Swarup Kumar Sahoo Rajkiran Panuganti Sriram Krishnamoorthy
P. Sadayappan
Parallel Compilers Laboratory
Dept. of Computer Science and Engineering
The Ohio State University
395 Dreese Lab., 2015 Neil Ave.
Columbus, OH 43210-1277, USA
{sahoo, panugant,krishnsr, saday}@cse.ohio-state.edu
The increasing gap between processor and memory performance makes data locality optimization crucially important for high-performance computing.

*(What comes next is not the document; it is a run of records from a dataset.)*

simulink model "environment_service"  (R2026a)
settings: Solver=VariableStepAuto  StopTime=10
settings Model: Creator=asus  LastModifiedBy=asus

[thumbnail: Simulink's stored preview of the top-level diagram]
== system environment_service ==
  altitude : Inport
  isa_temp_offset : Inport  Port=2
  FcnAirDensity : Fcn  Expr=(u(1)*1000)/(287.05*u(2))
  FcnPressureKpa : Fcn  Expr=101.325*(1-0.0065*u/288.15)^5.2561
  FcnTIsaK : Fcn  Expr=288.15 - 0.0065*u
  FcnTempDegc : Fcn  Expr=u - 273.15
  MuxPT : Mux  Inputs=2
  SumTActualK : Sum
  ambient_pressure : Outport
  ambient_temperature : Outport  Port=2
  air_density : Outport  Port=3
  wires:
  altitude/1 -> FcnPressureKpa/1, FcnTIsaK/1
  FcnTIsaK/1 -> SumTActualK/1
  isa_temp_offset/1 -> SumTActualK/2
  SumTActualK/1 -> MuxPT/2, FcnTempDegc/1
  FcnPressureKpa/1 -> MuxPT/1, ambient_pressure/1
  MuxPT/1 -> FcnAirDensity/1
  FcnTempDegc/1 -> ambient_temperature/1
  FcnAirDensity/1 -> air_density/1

Although considerable work has been performed on modeling cache behavior [7,12,13,21] and on frameworks for loop transformations [4,2,14,20], the use of accurate cache models that can be effectively used by compilers in performing loop transformations remains a difficult problem.
In this paper, we develop an approach to estimate the cache miss cost
for a program with imperfectly-nested loops and non-constant
dependences, based on the concept of stack distances. The
iteration space is partitioned into sets such
that all the iteration points in each set have the same stack
distance. The total cache miss cost is then computed based on
the knowledge of the partitioning, the stack distance for each set in
the partition and the cache size.
Our work is an extension of the work on stack distances
by Almasi et al.
citealmasi2003 and Cascaval et al. [6]. Although their approach can handle affine array references,
it is restricted to perfectly nested loops and constant dependences.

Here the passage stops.